Anyone who has spent some time studying the saMskR^ita texts in the original will note that in the vedic period there was a major stellar rite known as the nakShatreShTi. There is no sign of predictive astrology in that text. The adbhuta texts of the AV parishiShTa and the one attributed to ushanA kAvya have a primitive astrology in the form of portents and omens but not of the predictive type seen in modern Indian astrology. If we look at the astrology in the itihAsa-s it is more consistent with the system of portents and omens of the adbhuta texts. In the gR^ihya sUtra-s and late shrauta traditions we find rites known as graheShTi-s and graha-homa-s. These rites are also related in their context to acquisition of various desires and freedom from the ill-effects of omens rather than their function in modern predictive astrology. An early Tamil text of the heroic Tamil age has an astrological reference, puranAnuru 229: Here the poet mentions that due a certain astrological omen in the form of a meteor the chera king kOchEramAn died.

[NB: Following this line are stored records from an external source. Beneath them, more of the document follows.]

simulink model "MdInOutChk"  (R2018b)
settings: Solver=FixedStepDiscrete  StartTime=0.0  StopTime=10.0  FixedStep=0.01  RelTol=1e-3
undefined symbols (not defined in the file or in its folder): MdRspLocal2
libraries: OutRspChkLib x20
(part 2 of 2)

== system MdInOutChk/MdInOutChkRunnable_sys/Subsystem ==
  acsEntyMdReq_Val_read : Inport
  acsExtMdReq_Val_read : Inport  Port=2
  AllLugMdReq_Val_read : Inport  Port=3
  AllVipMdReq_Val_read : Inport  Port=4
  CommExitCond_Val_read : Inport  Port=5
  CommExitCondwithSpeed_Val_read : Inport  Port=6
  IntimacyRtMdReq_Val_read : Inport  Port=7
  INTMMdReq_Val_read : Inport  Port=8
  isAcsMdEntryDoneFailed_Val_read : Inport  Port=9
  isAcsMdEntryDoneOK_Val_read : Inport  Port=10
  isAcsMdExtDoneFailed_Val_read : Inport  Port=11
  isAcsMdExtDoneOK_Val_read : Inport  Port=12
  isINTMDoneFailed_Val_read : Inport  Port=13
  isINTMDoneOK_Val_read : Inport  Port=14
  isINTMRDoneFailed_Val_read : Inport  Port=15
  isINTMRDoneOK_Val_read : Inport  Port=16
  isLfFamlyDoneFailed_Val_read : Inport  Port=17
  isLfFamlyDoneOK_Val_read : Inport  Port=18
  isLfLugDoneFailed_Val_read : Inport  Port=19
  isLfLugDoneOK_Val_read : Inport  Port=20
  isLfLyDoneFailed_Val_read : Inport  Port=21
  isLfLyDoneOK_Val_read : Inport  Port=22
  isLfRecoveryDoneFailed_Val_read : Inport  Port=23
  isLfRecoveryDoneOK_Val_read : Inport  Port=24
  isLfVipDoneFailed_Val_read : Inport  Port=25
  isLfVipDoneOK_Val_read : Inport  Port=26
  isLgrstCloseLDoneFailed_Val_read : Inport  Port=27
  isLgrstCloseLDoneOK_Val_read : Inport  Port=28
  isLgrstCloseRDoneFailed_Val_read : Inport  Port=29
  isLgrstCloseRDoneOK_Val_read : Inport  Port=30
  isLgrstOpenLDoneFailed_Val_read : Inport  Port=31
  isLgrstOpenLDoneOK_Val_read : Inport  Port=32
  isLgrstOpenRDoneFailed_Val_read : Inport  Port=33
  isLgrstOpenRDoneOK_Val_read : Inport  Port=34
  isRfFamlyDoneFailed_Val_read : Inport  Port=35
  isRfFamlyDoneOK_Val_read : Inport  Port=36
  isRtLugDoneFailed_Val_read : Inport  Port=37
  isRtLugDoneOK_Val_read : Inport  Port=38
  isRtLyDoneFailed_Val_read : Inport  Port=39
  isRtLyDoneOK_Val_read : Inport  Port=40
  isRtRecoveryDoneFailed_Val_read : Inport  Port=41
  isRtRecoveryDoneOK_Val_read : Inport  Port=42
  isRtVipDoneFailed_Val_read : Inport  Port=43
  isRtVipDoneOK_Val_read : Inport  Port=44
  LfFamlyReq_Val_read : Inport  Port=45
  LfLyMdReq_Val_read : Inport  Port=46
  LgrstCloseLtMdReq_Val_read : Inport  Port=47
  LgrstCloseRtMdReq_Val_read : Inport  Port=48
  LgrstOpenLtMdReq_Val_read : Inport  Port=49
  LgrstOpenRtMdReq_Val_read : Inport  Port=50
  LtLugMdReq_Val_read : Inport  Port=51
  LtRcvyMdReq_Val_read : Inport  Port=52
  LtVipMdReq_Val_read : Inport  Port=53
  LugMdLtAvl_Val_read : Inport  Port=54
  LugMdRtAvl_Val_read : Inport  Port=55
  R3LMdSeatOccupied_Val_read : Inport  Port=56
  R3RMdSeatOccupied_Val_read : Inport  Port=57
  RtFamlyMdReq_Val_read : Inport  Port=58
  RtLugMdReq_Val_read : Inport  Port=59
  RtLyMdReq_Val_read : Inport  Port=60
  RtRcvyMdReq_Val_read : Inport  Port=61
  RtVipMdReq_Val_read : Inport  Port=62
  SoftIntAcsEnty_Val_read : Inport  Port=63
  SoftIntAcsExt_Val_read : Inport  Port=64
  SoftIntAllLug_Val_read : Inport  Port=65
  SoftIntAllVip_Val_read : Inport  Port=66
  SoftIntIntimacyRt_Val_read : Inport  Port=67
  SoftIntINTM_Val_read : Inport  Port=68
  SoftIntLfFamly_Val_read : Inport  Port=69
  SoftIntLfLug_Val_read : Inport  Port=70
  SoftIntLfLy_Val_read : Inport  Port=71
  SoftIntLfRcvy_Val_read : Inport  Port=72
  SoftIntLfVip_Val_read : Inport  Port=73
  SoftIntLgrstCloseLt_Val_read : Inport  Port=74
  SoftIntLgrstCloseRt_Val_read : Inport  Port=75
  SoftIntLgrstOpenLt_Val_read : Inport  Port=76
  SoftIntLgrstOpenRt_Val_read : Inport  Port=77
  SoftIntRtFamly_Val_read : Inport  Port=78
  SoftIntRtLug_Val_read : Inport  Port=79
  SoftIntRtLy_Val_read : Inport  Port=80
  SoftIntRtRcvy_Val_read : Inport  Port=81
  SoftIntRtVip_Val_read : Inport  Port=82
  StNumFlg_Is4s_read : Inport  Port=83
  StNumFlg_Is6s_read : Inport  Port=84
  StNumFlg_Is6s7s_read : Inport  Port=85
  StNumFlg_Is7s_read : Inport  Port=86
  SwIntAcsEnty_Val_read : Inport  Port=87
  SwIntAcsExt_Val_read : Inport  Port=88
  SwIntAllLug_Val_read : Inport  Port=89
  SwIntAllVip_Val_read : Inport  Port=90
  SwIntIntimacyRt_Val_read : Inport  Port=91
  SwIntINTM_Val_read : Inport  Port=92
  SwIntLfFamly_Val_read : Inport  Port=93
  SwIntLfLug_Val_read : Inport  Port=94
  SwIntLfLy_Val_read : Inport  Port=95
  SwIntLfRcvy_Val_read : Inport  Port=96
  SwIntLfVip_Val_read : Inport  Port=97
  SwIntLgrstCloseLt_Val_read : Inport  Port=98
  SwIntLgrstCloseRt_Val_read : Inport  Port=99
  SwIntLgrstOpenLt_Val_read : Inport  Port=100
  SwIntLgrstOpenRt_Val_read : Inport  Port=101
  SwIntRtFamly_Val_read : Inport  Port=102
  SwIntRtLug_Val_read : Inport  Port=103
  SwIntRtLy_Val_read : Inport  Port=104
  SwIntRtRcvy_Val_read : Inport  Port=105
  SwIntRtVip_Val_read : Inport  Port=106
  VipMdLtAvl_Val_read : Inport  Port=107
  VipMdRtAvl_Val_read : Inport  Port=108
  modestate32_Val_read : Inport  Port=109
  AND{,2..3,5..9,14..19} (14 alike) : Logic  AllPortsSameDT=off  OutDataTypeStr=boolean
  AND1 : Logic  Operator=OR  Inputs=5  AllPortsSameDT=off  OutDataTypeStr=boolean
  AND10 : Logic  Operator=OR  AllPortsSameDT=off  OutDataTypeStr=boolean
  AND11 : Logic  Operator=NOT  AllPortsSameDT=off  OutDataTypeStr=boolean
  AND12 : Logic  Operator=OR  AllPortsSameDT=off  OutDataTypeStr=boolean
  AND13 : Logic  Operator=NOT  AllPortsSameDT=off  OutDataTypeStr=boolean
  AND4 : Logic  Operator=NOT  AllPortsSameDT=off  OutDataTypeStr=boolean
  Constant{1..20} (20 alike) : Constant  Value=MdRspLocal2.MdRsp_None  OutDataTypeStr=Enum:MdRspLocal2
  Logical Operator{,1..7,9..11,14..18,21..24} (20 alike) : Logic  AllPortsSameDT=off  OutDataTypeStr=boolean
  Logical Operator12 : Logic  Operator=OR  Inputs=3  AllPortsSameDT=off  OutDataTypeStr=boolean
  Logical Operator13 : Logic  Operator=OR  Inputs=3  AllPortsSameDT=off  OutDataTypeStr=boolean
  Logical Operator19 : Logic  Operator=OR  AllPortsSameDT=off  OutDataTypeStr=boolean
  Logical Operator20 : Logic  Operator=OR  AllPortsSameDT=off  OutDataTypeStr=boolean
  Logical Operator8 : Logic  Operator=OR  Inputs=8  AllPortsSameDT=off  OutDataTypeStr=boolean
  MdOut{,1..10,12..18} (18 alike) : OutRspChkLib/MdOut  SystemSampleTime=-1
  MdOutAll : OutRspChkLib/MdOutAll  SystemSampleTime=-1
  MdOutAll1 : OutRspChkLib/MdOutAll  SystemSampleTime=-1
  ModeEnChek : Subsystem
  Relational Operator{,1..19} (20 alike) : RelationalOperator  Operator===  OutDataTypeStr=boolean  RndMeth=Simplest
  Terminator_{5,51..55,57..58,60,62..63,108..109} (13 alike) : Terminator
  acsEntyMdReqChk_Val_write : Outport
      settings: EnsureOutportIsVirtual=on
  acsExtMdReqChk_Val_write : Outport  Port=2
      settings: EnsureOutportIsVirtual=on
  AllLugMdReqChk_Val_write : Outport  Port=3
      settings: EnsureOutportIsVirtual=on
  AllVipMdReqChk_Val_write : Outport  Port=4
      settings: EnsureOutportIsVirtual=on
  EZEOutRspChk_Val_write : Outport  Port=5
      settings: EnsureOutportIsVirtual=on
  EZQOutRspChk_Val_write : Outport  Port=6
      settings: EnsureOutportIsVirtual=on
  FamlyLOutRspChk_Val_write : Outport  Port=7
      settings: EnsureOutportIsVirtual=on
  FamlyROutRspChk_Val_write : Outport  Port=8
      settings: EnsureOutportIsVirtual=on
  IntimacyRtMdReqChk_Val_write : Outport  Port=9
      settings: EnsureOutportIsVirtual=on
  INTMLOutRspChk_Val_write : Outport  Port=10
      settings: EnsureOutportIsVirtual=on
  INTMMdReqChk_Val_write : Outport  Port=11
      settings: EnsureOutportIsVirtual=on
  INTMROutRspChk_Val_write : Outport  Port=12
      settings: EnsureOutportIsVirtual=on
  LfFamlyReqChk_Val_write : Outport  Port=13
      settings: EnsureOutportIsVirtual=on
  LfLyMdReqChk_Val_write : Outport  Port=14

From all this we can state that the early home grown astrology of the Hindus was mainly of an portentitious variety. The predictive version based on rAshI and hora is of Greek origin. It is this latter aspect that is marketed today as nADI jyotiSha and "vedic astrology". What the Indians/ Indo-Greeks did do is to merge their ancestral nakShatra system with a rashi based astrology coming in from the Greeks thus Indianizing it.
Some Greek words in India astrology:
hora
drekkANa
I would like to see if any "vedic astrologer" denies these.